Journey into Haskell, part 4

I’ve been reading Real World Haskell now, after having finished the delightful Learn You a Haskell Tutorial. I’m up to chapter 6, about to dive into Typeclasses. In the meantime, I’ve picked a toy project that also has a taste of usefulness: a script to convert the Hackage database into MacPorts Portfiles, respecting inter-package and external library dependencies. I call it HackPorts, of course.

Requirements

This translation should require two things:

  1. The Cabal package, for read information about all packages known to it. This avoids writing a custom parser, or using HTTP to crawl the online Hackage database.

  2. A mapping file of external dependency names to MacPorts port names. This is for dependencies on things like libbz2, where the script will need to be taught how MacPorts names that library. This is likely to be the most labor-intensive step, having nothing to do with Haskell.

Initial experiences

Haskell makes a concerted point about separating “pure” from “impure” code. Anything which talks to the outside world, such as reading and writing files, is impure. Anything which can be expressed in terms of standard data types – or compositions thereof – is pure.

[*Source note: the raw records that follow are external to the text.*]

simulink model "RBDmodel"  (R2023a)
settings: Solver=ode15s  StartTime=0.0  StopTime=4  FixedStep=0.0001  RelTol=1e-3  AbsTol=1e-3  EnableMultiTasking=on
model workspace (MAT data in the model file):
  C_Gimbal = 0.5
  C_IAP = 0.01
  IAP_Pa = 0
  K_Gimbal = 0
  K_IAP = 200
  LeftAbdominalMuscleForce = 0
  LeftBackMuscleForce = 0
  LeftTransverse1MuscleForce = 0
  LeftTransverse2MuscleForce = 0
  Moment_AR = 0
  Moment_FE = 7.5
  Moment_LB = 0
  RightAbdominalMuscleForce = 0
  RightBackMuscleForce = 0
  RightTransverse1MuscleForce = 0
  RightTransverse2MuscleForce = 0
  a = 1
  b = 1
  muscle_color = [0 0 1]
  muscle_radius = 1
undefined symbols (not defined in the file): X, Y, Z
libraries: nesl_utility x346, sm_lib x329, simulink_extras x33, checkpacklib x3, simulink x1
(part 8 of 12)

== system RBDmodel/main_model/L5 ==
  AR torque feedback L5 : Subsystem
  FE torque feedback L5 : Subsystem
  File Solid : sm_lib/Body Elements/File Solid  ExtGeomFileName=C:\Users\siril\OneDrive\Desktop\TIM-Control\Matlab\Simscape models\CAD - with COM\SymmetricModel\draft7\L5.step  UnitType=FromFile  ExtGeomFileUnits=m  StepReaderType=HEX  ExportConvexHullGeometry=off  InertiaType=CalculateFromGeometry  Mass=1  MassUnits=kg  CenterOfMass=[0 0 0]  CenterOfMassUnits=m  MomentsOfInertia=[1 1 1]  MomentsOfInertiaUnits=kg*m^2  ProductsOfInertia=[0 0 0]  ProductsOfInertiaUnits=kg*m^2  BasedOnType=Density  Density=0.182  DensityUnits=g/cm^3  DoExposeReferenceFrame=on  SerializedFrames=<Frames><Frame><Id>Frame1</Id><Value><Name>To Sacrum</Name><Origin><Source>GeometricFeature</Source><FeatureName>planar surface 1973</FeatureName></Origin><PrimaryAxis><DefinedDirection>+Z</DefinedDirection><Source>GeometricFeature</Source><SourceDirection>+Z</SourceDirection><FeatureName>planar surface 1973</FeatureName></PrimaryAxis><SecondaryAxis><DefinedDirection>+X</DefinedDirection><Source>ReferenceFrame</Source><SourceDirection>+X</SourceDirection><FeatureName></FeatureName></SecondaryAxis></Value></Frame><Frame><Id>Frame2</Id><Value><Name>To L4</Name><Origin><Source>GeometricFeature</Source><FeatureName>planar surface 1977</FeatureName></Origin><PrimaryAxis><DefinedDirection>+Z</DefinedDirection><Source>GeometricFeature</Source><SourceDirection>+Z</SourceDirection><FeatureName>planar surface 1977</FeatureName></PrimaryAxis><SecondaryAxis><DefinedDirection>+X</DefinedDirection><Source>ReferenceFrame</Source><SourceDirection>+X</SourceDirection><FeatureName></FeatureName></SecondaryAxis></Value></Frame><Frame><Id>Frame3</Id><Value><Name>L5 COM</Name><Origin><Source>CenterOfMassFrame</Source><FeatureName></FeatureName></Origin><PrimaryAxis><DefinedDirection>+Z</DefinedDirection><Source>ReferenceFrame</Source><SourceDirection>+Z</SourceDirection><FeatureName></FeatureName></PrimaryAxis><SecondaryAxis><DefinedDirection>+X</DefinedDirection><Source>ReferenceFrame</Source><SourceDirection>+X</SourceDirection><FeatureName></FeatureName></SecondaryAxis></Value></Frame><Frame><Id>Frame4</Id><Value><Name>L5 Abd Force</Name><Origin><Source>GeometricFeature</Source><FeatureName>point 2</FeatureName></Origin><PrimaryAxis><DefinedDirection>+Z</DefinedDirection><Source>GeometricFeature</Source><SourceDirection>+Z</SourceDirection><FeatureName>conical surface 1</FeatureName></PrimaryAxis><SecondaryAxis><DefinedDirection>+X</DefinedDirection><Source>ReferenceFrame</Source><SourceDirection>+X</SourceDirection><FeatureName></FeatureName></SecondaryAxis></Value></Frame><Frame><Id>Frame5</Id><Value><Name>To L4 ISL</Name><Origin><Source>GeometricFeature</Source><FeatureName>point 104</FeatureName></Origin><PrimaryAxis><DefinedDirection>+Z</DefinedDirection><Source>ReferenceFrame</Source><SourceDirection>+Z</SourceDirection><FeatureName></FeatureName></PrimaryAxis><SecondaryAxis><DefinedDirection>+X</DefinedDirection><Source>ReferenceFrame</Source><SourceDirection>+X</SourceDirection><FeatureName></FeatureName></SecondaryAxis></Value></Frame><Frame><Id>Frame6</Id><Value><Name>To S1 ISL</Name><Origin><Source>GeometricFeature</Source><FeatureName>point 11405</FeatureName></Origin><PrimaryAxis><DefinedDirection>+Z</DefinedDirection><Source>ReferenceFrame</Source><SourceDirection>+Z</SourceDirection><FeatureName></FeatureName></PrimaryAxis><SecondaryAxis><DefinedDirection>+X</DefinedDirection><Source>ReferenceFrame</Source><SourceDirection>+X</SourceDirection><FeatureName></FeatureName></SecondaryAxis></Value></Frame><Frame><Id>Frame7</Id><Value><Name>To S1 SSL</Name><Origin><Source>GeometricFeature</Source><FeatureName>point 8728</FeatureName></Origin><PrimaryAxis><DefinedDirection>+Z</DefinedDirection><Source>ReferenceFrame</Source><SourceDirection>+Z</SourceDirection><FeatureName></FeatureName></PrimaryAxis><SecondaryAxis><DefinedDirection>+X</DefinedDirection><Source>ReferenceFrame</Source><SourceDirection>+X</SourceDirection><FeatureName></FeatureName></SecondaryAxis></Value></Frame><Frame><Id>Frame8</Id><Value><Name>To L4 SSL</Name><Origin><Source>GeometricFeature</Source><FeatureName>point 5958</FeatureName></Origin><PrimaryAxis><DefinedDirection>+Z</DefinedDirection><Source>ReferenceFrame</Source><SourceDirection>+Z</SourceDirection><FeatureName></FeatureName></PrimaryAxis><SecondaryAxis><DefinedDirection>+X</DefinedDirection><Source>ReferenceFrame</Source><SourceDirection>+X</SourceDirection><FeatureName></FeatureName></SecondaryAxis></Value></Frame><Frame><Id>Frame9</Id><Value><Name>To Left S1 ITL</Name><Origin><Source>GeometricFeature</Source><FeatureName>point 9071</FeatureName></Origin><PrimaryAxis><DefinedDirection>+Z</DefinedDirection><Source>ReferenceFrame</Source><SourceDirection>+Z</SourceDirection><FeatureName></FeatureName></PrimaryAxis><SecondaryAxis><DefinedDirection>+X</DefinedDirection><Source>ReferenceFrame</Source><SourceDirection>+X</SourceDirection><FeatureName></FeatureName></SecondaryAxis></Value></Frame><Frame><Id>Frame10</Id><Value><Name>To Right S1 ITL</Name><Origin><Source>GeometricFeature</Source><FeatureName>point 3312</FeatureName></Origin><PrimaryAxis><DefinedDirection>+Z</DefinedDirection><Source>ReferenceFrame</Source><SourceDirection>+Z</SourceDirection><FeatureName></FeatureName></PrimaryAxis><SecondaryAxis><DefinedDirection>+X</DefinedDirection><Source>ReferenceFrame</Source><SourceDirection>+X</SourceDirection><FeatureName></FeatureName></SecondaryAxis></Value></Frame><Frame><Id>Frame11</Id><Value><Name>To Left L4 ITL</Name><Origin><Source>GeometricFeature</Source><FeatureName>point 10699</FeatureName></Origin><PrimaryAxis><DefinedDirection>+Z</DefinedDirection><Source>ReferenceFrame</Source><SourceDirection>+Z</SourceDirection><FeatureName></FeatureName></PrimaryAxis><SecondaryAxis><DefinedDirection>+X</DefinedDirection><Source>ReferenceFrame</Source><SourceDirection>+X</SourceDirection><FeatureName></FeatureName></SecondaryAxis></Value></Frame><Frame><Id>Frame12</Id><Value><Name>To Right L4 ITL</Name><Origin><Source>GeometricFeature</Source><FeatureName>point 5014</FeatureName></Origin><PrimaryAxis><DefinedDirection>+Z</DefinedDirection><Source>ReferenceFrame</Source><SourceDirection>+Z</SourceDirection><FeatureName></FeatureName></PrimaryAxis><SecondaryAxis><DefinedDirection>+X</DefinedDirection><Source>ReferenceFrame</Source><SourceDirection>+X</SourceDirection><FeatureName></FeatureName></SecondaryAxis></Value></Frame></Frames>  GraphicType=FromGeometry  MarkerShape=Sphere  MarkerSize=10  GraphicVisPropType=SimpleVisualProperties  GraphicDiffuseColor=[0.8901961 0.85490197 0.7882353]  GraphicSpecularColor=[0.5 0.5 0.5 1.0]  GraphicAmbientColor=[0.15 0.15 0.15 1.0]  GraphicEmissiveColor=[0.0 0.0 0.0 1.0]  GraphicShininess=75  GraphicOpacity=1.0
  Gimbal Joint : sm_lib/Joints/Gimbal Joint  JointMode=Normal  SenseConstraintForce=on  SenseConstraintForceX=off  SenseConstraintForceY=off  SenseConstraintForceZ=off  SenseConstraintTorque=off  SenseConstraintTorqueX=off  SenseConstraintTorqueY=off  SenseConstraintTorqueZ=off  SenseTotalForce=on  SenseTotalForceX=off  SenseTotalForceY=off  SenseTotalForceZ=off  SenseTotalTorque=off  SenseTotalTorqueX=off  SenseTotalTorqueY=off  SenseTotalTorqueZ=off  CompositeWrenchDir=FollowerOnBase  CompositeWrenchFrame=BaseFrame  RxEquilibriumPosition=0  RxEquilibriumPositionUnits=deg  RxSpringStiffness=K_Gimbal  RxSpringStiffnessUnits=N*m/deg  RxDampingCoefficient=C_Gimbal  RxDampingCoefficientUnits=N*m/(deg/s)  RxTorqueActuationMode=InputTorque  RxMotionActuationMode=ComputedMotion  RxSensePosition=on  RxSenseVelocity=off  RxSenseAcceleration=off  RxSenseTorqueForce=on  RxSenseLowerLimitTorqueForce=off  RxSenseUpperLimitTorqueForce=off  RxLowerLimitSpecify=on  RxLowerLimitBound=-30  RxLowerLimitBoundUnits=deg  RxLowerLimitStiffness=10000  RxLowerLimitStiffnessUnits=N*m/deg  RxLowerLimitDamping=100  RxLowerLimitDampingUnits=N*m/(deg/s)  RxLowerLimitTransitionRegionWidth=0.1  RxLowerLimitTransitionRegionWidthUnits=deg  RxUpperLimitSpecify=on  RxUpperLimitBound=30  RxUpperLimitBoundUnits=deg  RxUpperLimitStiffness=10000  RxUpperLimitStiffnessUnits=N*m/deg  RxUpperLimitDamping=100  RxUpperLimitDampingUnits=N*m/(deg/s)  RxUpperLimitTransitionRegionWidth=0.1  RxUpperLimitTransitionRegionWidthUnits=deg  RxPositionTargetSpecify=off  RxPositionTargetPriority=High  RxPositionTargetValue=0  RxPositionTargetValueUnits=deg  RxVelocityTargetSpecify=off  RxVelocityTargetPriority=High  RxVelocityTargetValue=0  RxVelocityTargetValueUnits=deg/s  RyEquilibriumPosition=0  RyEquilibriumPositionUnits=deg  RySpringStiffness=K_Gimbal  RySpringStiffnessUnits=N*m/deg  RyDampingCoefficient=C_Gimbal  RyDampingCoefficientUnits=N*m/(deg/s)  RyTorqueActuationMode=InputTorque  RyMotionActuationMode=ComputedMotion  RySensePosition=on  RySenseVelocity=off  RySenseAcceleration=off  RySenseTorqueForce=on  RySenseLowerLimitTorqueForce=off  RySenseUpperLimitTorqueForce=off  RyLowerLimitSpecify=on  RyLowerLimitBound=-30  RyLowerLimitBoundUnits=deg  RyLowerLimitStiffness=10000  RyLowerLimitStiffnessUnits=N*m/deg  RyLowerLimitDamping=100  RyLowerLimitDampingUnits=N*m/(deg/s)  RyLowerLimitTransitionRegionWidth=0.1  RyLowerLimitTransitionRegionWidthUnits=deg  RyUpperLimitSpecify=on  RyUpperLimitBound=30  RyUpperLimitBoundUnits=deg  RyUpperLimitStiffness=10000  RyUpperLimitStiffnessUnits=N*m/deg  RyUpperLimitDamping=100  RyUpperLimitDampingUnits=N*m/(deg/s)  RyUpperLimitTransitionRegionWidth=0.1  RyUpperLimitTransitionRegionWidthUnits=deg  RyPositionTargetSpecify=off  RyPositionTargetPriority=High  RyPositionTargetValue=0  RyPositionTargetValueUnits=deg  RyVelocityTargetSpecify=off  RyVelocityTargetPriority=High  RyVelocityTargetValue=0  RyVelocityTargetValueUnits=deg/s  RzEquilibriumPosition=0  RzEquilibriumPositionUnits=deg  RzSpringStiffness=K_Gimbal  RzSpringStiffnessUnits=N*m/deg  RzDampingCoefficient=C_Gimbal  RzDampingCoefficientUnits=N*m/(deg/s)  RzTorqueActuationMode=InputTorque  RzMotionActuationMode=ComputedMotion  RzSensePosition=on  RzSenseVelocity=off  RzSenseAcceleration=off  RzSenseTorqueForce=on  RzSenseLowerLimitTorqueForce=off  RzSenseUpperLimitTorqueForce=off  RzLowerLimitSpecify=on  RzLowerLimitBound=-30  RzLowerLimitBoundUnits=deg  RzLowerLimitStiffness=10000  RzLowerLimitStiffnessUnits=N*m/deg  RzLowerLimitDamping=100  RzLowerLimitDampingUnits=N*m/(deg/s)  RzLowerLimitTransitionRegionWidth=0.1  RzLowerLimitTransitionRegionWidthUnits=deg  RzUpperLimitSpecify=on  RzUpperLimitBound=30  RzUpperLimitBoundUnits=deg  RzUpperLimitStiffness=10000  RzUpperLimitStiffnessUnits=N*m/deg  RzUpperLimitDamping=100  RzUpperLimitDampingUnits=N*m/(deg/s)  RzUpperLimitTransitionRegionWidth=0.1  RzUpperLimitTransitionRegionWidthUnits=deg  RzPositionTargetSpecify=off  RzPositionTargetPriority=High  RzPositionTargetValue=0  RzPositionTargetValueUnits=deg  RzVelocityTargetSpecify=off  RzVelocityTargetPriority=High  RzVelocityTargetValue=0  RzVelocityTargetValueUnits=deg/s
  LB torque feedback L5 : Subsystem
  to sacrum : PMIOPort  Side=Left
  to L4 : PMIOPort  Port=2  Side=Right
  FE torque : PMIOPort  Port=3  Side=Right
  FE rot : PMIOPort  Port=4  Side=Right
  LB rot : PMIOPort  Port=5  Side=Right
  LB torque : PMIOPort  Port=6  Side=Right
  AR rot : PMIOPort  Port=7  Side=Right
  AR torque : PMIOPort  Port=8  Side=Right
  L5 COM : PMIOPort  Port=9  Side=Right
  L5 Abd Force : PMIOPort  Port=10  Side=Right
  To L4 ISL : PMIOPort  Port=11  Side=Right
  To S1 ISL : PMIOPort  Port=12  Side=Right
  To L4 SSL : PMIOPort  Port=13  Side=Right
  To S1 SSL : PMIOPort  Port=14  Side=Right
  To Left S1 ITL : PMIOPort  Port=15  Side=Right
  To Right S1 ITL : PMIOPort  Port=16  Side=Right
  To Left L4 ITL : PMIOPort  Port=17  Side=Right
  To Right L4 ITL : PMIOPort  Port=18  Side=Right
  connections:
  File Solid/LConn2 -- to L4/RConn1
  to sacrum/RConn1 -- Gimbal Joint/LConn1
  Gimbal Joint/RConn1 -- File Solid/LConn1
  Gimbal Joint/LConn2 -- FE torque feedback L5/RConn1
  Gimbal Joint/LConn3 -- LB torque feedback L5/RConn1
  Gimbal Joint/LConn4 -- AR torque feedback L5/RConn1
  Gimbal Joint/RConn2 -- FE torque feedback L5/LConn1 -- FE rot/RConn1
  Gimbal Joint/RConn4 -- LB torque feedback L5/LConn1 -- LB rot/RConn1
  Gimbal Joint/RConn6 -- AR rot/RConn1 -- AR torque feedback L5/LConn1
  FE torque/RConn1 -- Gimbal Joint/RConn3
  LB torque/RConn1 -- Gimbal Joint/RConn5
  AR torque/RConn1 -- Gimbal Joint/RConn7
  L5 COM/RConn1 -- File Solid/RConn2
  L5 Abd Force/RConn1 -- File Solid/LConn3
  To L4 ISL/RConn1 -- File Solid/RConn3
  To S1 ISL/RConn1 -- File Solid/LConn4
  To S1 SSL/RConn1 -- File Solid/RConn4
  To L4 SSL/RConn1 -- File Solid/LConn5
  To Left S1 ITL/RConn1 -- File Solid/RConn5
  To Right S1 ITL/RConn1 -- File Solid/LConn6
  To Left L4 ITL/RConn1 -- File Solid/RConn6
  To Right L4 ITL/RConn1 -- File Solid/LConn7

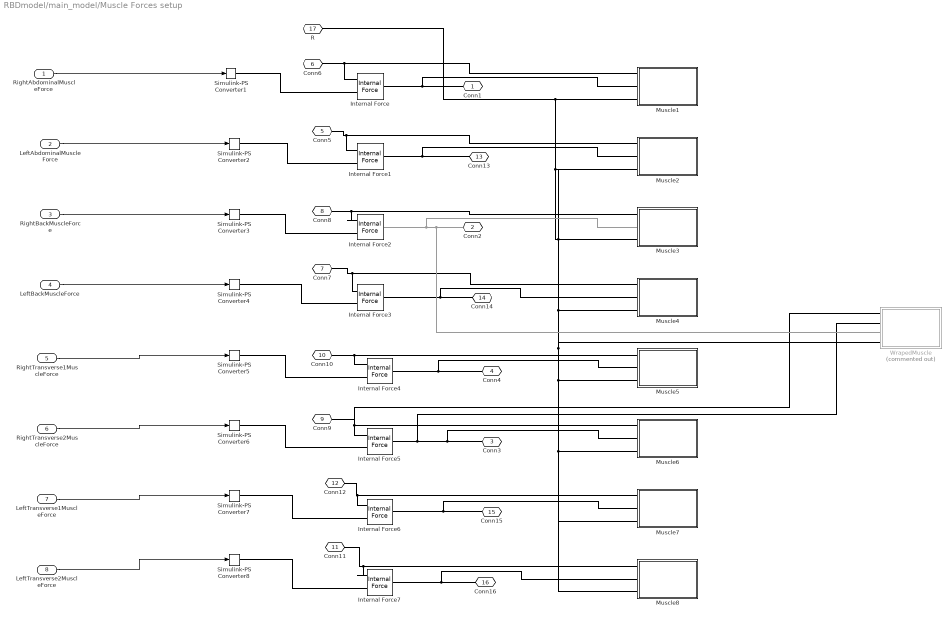
== system RBDmodel/main_model/Muscle Forces setup ==
  RightAbdominalMuscleForce : Inport
  LeftAbdominalMuscleForce : Inport  Port=2
  RightBackMuscleForce : Inport  Port=3
  LeftBackMuscleForce : Inport  Port=4
  RightTransverse1MuscleForce : Inport  Port=5
  RightTransverse2MuscleForce : Inport  Port=6
  LeftTransverse1MuscleForce : Inport  Port=7
  LeftTransverse2MuscleForce : Inport  Port=8
  Internal Force{,1..7} (8 alike) : sm_lib/Forces and Torques/Internal Force
  Muscle1 : Subsystem
  Muscle2 : Subsystem
  Muscle3 : Subsystem
  Muscle4 : Subsystem
  Muscle5 : Subsystem
  Muscle6 : Subsystem
  Muscle7 : Subsystem
  Muscle8 : Subsystem
  Simulink-PS Converter{1..8} (8 alike) : nesl_utility/Simulink-PS Converter  PhysicalDomain=network_engine_domain  SubClassName=ps_input  LeftPortType=input  RightPortType=output  PseudoPeriodic=off  Frequencies=[]  NoiseDistribution=none  NoiseParameters=[]  Unit=1  AffineConversion=off  FilteringAndDerivatives=provide  SimscapeFilterOrder=1  InputFilterTimeConstant=0.001  UdotUserProvided=0
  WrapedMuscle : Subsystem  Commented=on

Take for example a program to count lines in a file. The pure part of the code receives a giant string, splits it into lines at line boundaries, counts those lines, and returns an integer. The impure part takes a command-line argument, interprets it as a FilePath (an impure type, since it must concern itself with operating system-dependent naming conventions), and reads the contents of the file at that location. The program flows by passed the file contents as a string to the pure code, and receiving an integer to be printed on the output device.

This division into pure and impure has an interesting side-effect (no pun intended): Most of a program’s code is written in isolation of its context of usage. Take Cabal, as a case in point here. Part of Cabal deals with downloading information from the Web, reading and writing package files, and executing external commands, like make. But another part of Cabal is concerned only with the structure of package files, and determining the total set of dependencies required for building a package. These latter details can be discussed in complete isolation from what is done with that information.

As a result – and I’m not sure whether the Cabal authors designed it this way or not – Cabal is naturally part “program”, and part API. I was able to start taking apart package files almost instantly, with extremely little code. Here’s a toy program to print out a package’s maintainer, if given the path to a .cabal file:

import System.Environment (getArgs)

import Distribution.Verbosity (verbose)
import Distribution.PackageDescription
import Distribution.PackageDescription.Parse (readPackageDescription)

main = do
  args ,- getArgs
  pkg  ,- readPackageDescription verbose (head args)
  print . maintainer . packageDescription $ pkg

Now, I do suppose it’s just as easy to do a similar thing in Python’s distutils, for example:

import sys

from distutils.extension import *

exts = read_setup_file(sys.argv[1])
print exts[0].language       # print the ext 'language'

What excites me is that Haskell uniquely encourages the separation of alogrithm and application – the isolation of context-dependent knowledge into as small a region of a program as possible.

Too many times I’ve tried to use a utility’s code as a “library”, only to find it was so caught up in its idea of how it should be used, it had never bothered to abstract its core principles into a set of “pure” function, independent from that intent. This happens, for example, with the version control system Git. Although many have wanted a libgit.a for accessing Git’s data structures directly from other languages, yet none exists. One is forced to either shell out to the git command, or write another implementation to interface with the “pure” side of what Git does.